Can Medicaid eligibility be denied if my mom sells her car or gives it to a family member? What about if she is already on Medicaid? Can she lose her benefits?
Yes, your mom could potentially be denied Medicaid (or lose her Medicaid benefits) if she gifts her car to a loved one or sells it. However, several factors come into play, which we will cover in more detail below.
To begin, for a senior to be Medicaid-eligible, they must meet the Medicaid eligibility criteria, one of which is an asset limit. While asset limits are state-specific, the majority of states set their limit at $2,000. Some assets, however, are exempt from this limit. In other words, they are not counted towards Medicaid’s asset limit. This includes one automobile. While a state may have state-specific requirements regarding car exemption, generally a vehicle is exempt regardless of value, given the Medicaid applicant / beneficiary or someone else in their household uses it for transportation.
But what happens if one gifts their exempt car? Unfortunately, gifting an exempt vehicle can violate Medicaid’s Look-Back Period, resulting in Medicaid denial or the loss of Medicaid benefits. For long-term care Medicaid, there is a 60-month “look back” immediately preceding application, during which the Medicaid agency scrutinizes all asset transfers. If assets have been gifted, one is penalized with a Penalty Period of Medicaid ineligibility. Even after becoming a Medicaid beneficiary, a state will check to ensure one has not gifted assets during the previous year at their annual Medicaid redetermination. If one has gifted their car, they will likely be penalized. There are, however, some exceptions when it comes to gifting an exempt car. Washington is one such state, allowing an exempt vehicle to be gifted without being penalized.

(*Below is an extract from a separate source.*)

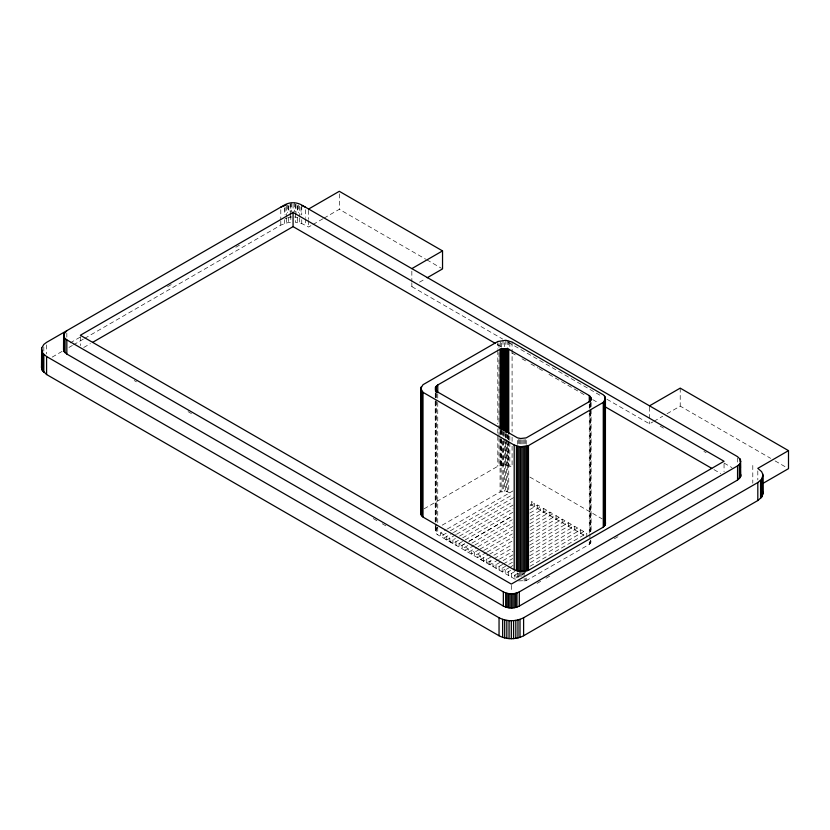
<?xml version="1.0" encoding="UTF-8"?>
<svg xmlns="http://www.w3.org/2000/svg" width="830" height="830" viewBox="0 0 830 830"><rect width="100%" height="100%" fill="white"/><g stroke="black" fill="none" stroke-linecap="round" stroke-linejoin="round"><path stroke-width="0.62" stroke-dasharray="4.15 3.11" d="M518.543 580.907L526.21 580.616L589.279 544.387L590.773 542.623L591.002 540.672M437.752 527.714C434.505 528.959 434.505 533.545 437.752 534.8L517.526 580.616M446.167 533.213L440.606 536.439L440.606 532.891L446.167 529.664M447.277 529.021L512.878 490.945M450.358 530.785L512.878 494.493M455.68 534.8L446.768 539.967L443.677 538.203L452.578 533.047M453.45 532.549L514.849 496.9M456.521 534.312L512.473 501.828M458.482 540.278L452.91 543.505L449.839 541.731L455.411 538.504M459.592 536.087L513.054 505.055M462.673 537.85L513.054 508.603M512.795 512.307L455.992 545.279L455.992 541.731L452.91 539.967L452.91 543.505M464.634 543.806L459.063 547.043L459.063 543.494L462.144 545.269L464.375 543.972M469.085 541.222L512.525 516.011M468.826 541.388L512.266 516.177M530.08 505.833L534.541 503.25L531.459 501.486L531.459 505.024M467.715 545.58L462.144 548.806L462.144 545.269M471.897 543.152L512.266 519.725M529.81 509.547L537.612 505.014L540.683 506.788L540.683 510.326M474.127 545.403L465.215 550.581L465.215 547.032L468.296 548.796L468.296 552.344L476.939 547.333M474.978 544.916L512.847 522.942M529.81 513.085L540.683 506.788M478.059 546.69L512.847 526.49M530.401 516.312L543.764 508.551L546.835 510.326L546.835 513.863M479.169 549.585L471.378 554.108L471.378 550.57L474.449 552.334L474.449 555.872L483.361 550.705M480.02 549.097L512.577 530.194M530.131 520.016L546.835 510.326M484.212 550.217L512.318 533.898M529.872 523.72L549.917 512.089L552.988 513.853L552.988 517.401M486.432 552.469L477.53 557.646L477.53 554.098L480.601 555.872L480.601 559.41L483.693 561.173L512.639 544.376M487.283 551.991L512.899 537.124M529.872 527.268L552.988 513.853M480.601 559.41L488.403 554.886M489.513 554.243L512.899 540.662M530.453 530.495L556.059 515.627L559.13 517.391L559.13 520.939M530.183 534.198L559.13 517.391M498.477 559.7L489.835 564.711L486.764 562.937L493.176 559.233M494.286 558.58L512.369 548.08M529.924 537.902L562.221 519.155L565.303 520.918L565.303 524.467M499.598 559.057L512.961 551.307M529.664 541.606L565.303 520.918M512.961 554.845L492.916 566.475L492.916 562.937L489.835 561.173L489.835 564.711M529.664 545.154L568.353 522.703L571.434 524.467L571.434 528.015M502.669 564.369L495.987 568.249L495.987 564.701L499.069 566.475L499.069 570.013L507.711 565.002M503.52 563.881L512.691 558.559M530.235 548.381L571.434 524.467M508.821 564.359L512.421 562.263M529.976 552.085L574.505 526.241L577.587 528.005L577.587 531.553M509.931 567.253L502.14 571.777L502.14 568.239L505.221 570.003L505.221 573.551L511.903 569.671M510.782 566.776L513.013 565.479M529.706 555.789L577.587 528.005M529.706 559.337L580.658 529.768L583.739 531.542L583.739 535.08L530.007 504.194M514.974 571.434L508.292 575.315L508.292 571.766L511.373 573.54L511.373 577.078L519.165 572.555M530.297 562.553L583.739 531.542M530.038 566.257L586.8 533.317L586.8 536.854M525.577 572.389L514.444 578.852L514.444 575.304L517.526 577.068M70.197 342.894L80.271 337.084M167.567 286.672L172.049 284.088M235.845 247.257L240.327 244.674M52.186 357.118L62.271 351.298M68.994 347.417L72.355 345.477M73.476 344.824L83.56 339.003M84.691 338.36L280.799 225.138L286.433 222.959L290.801 222.284L290.801 215.852M83.706 347.5L90.418 343.62M295.335 213.279L295.335 222.284L301.747 223.54L308.625 227.026L311.914 225.127M313.014 224.494L322.87 218.798M323.97 218.166L339.314 209.305L425.707 259.188M411.846 282.76L411.846 286.62L414.046 285.354M419.524 282.19L425.002 279.025M424.12 508.8L497.813 466.252L504.412 464.956L512.089 466.792L512.089 443.645M606.927 399.251L649.527 423.84L652.816 421.941M653.905 421.308L662.682 416.255M667.061 413.724L680.216 406.129L770.634 458.336M537.072 583.397L541.554 580.813M546.036 578.23L550.508 575.647M614.335 538.795L618.807 536.211M442.203 525.162L500.075 491.972L506.663 491.474L512.11 493.902M285.095 218.829L287.429 217.792M288.757 217.419L291.6 216.972M294.546 216.972L297.389 217.419M440.606 532.891L443.677 534.665L443.677 538.203M426.827 259.832L441.415 268.256M775.106 460.909L787.38 467.996M660.13 426.143L663.502 428.083M703.892 451.406L706.143 452.703M724.092 463.067L731.946 467.601M411.846 286.62L502.658 339.055M508.261 342.292L602.435 396.657M497.336 344.554L501.828 347.148M511.934 352.978L515.295 354.918M522.029 358.809L526.521 361.403M531.013 363.997L537.747 367.887M538.867 368.53L544.48 371.767M548.972 374.361L586.001 395.744M592.745 399.635L598.347 402.872M713.956 469.614L720.689 473.505M134.211 380.545L136.462 381.842M188.088 411.649L191.45 413.589M373.272 518.563L377.764 521.157M382.257 523.751L386.749 526.345M529.882 477.084L602.165 518.875M757.811 470.932L757.811 479.937M752.8 465.464L752.8 483.185M737.559 457.953L737.559 464.395M724.051 463.846L724.051 471.585M680.216 388.129L680.216 406.129M649.527 407.125L649.527 423.84M591.074 402.457L591.074 532.331M590.773 402.446L590.773 410.176M590.773 411.441L590.773 532.341M590.773 540.06L590.773 542.623M590.41 403.09L590.41 410.819M590.41 412.085L590.41 531.698M590.41 540.672L590.41 543.245M589.912 403.671L589.912 543.837M589.279 404.22L589.279 411.929M589.279 413.216L589.279 533.14M589.279 541.814L589.279 544.387M580.658 529.768L580.658 533.317M574.505 526.241L574.505 529.779M568.353 522.703L568.353 526.241M562.221 519.155L562.221 522.703M556.059 515.627L556.059 519.175M549.917 512.089L549.917 515.627M543.764 508.551L543.764 512.1M537.612 505.014L537.612 508.562M534.541 503.25L534.541 506.788M526.21 440.45L526.21 444.309M526.21 578.043L526.21 580.616M525.193 439.454L525.193 444.6M525.193 578.334L525.193 580.907M524.114 439.672L524.114 444.807M524.114 572.119L524.114 577.255M524.114 578.541L524.114 581.114M523.004 439.796L523.004 444.942M523.004 572.244L523.004 574.817M521.863 439.838L521.863 444.984M521.863 572.285L521.863 578.717M520.732 439.796L520.732 444.942M520.732 572.244L520.732 577.389M519.621 439.672L519.621 444.807M519.621 572.119L519.621 577.255M518.543 439.454L518.543 444.6M518.543 573.188L518.543 578.334M517.526 440.45L517.526 444.309M517.526 572.897L517.526 578.043M512.089 342.053L512.089 432.077M512.089 437.213L512.089 442.359M511.322 585.378L511.322 591.821M509.838 342.344L509.838 347.49M509.838 436.217L509.838 441.363M509.838 442.649L509.838 465.796M508.759 435.387L508.759 440.533M508.759 441.819L508.759 491.972M508.572 340.705L508.572 347.127M508.572 435.854L508.572 439.713M508.572 441L508.572 465.433M507.732 435.096L507.732 438.956M507.732 444.102L507.732 491.682M507.223 340.435L507.223 348.154M507.223 434.308L507.223 439.454M507.223 440.74L507.223 465.174M506.663 433.602L506.663 438.748M506.663 440.035L506.663 491.474M505.833 340.279L505.833 346.712M505.833 434.152L505.833 438.012M505.833 439.288L505.833 465.008M505.553 433.478L505.553 437.337M505.553 442.473L505.553 491.339M504.412 342.8L504.412 346.65M504.412 432.15L504.412 437.95M504.412 439.236L504.412 491.298M503.281 432.191L503.281 439.91M503.281 441.187L503.281 491.339M503.001 340.279L503.001 346.712M503.001 431.579L503.001 435.439M503.001 440.574L503.001 465.008M502.171 431.029L502.171 436.175M502.171 441.321L502.171 491.474M501.611 343.008L501.611 348.154M501.611 430.448L501.611 438.167M501.611 439.454L501.611 465.174M501.092 429.961L501.092 437.669M501.092 438.956L501.092 491.682M500.262 341.991L500.262 347.127M500.262 430.718L500.262 437.14M500.262 438.427L500.262 465.433M500.075 430.251L500.075 434.1M500.075 439.246L500.075 491.972M498.986 343.63L498.986 347.49M498.986 352.636L498.986 436.217M498.986 437.503L498.986 465.796M497.813 341.514L497.813 349.233M497.813 350.519L497.813 423.819M497.813 428.965L497.813 466.252M486.764 562.937L486.764 559.399L483.693 557.625L483.693 561.173M449.839 541.731L449.839 538.193L446.768 536.429L446.768 539.967M437.752 393.98L437.752 401.066M437.752 402.353L437.752 525.795M437.752 527.081L437.752 534.8M436.373 393.596L436.373 526.044M436.373 527.33L436.373 533.763M435.864 393.005L435.864 400.745M435.864 402.011L435.864 525.483M435.864 526.739L435.864 533.171M435.501 393.648L435.501 400.102M435.501 401.367L435.501 524.84M435.501 526.106L435.501 532.549M435.283 393.005L435.211 400.091M435.211 401.378L435.211 524.83M435.283 525.463L435.283 531.905M411.846 271.192L411.846 281.474M339.314 193.878L339.314 209.305M308.625 210.312L308.625 219.307M308.625 220.593L308.625 227.026M305.347 209.7L305.347 217.419M305.347 218.705L305.347 225.138M301.747 205.539L301.747 214.545M301.747 219.68L301.747 223.54M301.051 207.23L301.051 214.96M299.713 206.245L299.713 216.537M299.713 217.813L299.713 222.959M298.717 204.906L298.717 212.636M297.565 205.819L297.565 212.252M297.565 217.398L297.565 222.544M297.389 205.819L297.389 212.262M295.988 204.253L295.988 214.565M295.335 204.284L295.335 211.992M294.546 202.8L294.546 211.816M293.073 204.035L293.073 211.909M291.6 202.8L291.6 211.816M290.801 204.284L290.801 214.565M290.147 202.966L290.147 211.982M290.147 213.279L290.147 217.138M288.757 205.819L288.757 212.262M288.581 205.819L288.581 212.252M288.581 217.398L288.581 222.544M287.429 204.906L287.429 212.636M286.433 206.245L286.433 216.537M286.433 217.813L286.433 222.959M285.095 207.23L285.095 214.96M284.389 208.112L284.389 214.545M284.389 219.68L284.389 223.54M280.799 209.7L280.799 219.992M280.799 221.278L280.799 225.138M80.344 336.555L80.344 345.571M66.836 333.235L66.836 337.105M46.584 344.927L46.584 353.922M43.824 347.002L43.824 352.148"/><path stroke-width="1.25" d="M762.199 483.828L788.5 468.649L788.5 450.638L757.811 468.359L761.577 471.616L762.749 474.138L762.895 493.445L761.577 497.284L757.811 500.532L523.606 635.759C516.073 639.691 506.58 639.691 499.048 635.759L46.584 374.527L42.091 370.035L41.5 367.441L41.645 348.133L43.824 344.429L46.584 342.354L285.095 204.647C289.981 202.095 296.154 202.095 301.051 204.647L737.559 456.666L740.474 459.592L740.765 476.296L737.559 480.051L519.3 606.066C514.413 608.618 508.24 608.618 503.343 606.066L66.836 354.047L64.398 351.93L63.537 349.44L63.63 334.417L66.836 330.662M41.5 367.441L41.645 366.134M63.537 349.44L64.398 346.95M420.758 388.523L422.999 384.705L497.813 341.514L505.833 340.279L512.089 342.053L603.275 394.779L605.153 396.979L605.153 524.954L603.275 527.143L528.471 570.335L520.452 571.569L514.195 569.795L422.999 517.069L421.132 514.88L420.758 388.523L422.999 392.331L514.195 445.056L520.452 446.841L528.471 445.596L603.275 402.405L605.516 398.597M420.758 513.251L421.132 511.633M740.858 461.273L740.007 463.763L737.559 465.879L519.3 591.883C514.413 594.446 508.24 594.446 503.343 591.883L66.836 339.875L64.398 337.758L63.537 335.268M740.765 476.296L740.765 474.594M762.895 475.445L761.577 479.284L757.811 482.531L523.606 617.759C516.073 621.691 506.58 621.691 499.048 617.759L46.584 356.526L42.818 353.279L41.5 349.44M435.501 387.226L435.501 389.82L437.752 392.061L517.526 437.877L520.732 438.51L526.21 437.877L589.279 401.647L591.074 398.597L589.279 395.547L508.759 349.233L505.553 348.61L500.075 349.233L437.752 384.975L435.501 387.226L435.501 391.086M293.073 212.449L80.344 335.268L511.322 584.092L724.051 461.273L293.073 212.449L293.073 226.621L495.095 343.257M308.625 209.025L339.314 191.305L442.535 250.899L442.535 268.91L427.191 277.76M92.659 342.334L293.073 226.621M411.846 268.619L442.535 250.899M649.527 405.839L680.216 388.129L788.5 450.638M280.799 207.137L286.433 204.958M301.747 205.539L305.347 207.137M605.08 406.762L711.704 468.317M762.303 490.852L762.895 493.445M605.423 522.516L605.516 523.325M762.749 474.138L762.749 494.753M762.303 478.039L762.303 496.039M761.577 479.284L761.577 497.284M760.571 480.456L760.571 498.457M757.811 482.531L757.811 500.532M740.474 462.964L740.474 468.11M740.007 458.783L740.007 461.356M740.007 463.763L740.007 477.945M739.354 464.53L739.354 478.703M737.559 465.879L737.559 480.051M605.423 399.417L605.423 524.145M605.153 400.216L605.153 524.954M604.697 396.201L604.697 398.774M604.697 400.994L604.697 525.722M604.064 401.73L604.064 526.459M603.275 402.405L603.275 527.143M591.002 397.944L591.002 400.517M590.773 397.3L590.773 399.873M590.41 396.678L590.41 401.824M589.912 396.086L589.912 401.232M589.279 395.547L589.279 401.979M528.471 445.596L528.471 570.335M527.289 446.052L527.289 570.791M526.023 446.416L526.023 571.154M524.674 446.675L524.674 571.413M523.606 617.759L523.606 635.759M523.284 446.841L523.284 571.569M521.863 446.893L521.863 571.621M520.452 446.841L520.452 571.569M520.005 619.346L520.005 637.347M519.3 591.883L519.3 606.066M519.061 446.675L519.061 571.413M517.972 619.927L517.972 637.928M517.713 446.416L517.713 571.154M516.966 592.921L516.966 607.093M516.436 446.052L516.436 570.791M515.814 620.352L515.814 638.353M515.648 593.305L515.648 607.477M514.195 445.056L514.195 569.795M514.247 593.575L514.247 607.747M513.594 620.601L513.594 638.602M512.795 593.74L512.795 607.913M511.322 593.792L511.322 607.975M511.322 620.695L511.322 638.695M509.848 593.74L509.848 607.913M509.06 620.601L509.06 638.602M508.759 349.233L508.759 434.1M508.406 593.575L508.406 607.747M507.732 348.942L507.732 432.534M507.006 593.305L507.006 607.477M506.829 620.352L506.829 638.353M506.663 348.735L506.663 432.316M505.553 348.61L505.553 432.191M505.688 592.921L505.688 607.093M504.682 619.927L504.682 637.928M504.412 348.558L504.412 430.863M503.343 591.883L503.343 606.066M503.281 348.61L503.281 430.905M502.648 619.346L502.648 637.347M502.171 348.735L502.171 429.743M501.092 348.942L501.092 429.961M500.075 349.233L500.075 428.965M499.048 617.759L499.048 635.759M437.752 384.975L437.752 392.694M436.373 386.012L436.373 392.445M435.864 386.604L435.864 391.75M422.999 392.331L422.999 517.069M422.211 391.656L422.211 516.385M421.588 390.92L421.588 515.648M421.132 386.894L421.132 514.88M420.852 387.703L420.852 514.071M66.836 339.875L66.836 354.047M65.041 338.526L65.041 352.698M64.398 337.758L64.398 351.93M63.92 333.577L63.92 351.121M63.63 334.417L63.63 350.291M46.584 356.526L46.584 374.527M43.824 354.452L43.824 372.452M42.818 353.279L42.818 371.28M42.091 352.034L42.091 370.035M41.645 348.133L41.645 368.748"/></g></svg>

And what happens if one sells their exempt automobile? First off, one must sell it for fair market value. Simply put, this is the amount a buyer would be willing to pay a seller in the current market for an automobile of the same year, make, model, and condition. Selling a vehicle for under fair market value can violate Medicaid’s Look-Back Period. Essentially, the amount for which a vehicle is undersold is considered a gift. Note: Kelley Blue Book can be a good tool to use to help determine a vehicle’s fair market value range. Additionally, if proceeds from selling one’s vehicle causes one to exceed their state’s asset limit, they must “spend down” the money the same month of receipt. If they do not, the money will count as assets the following month and could cause one to lose their Medicaid eligibility. If this happens, one will have to reapply for Medicaid once their assets are at, or below, the allowable limit in one’s state.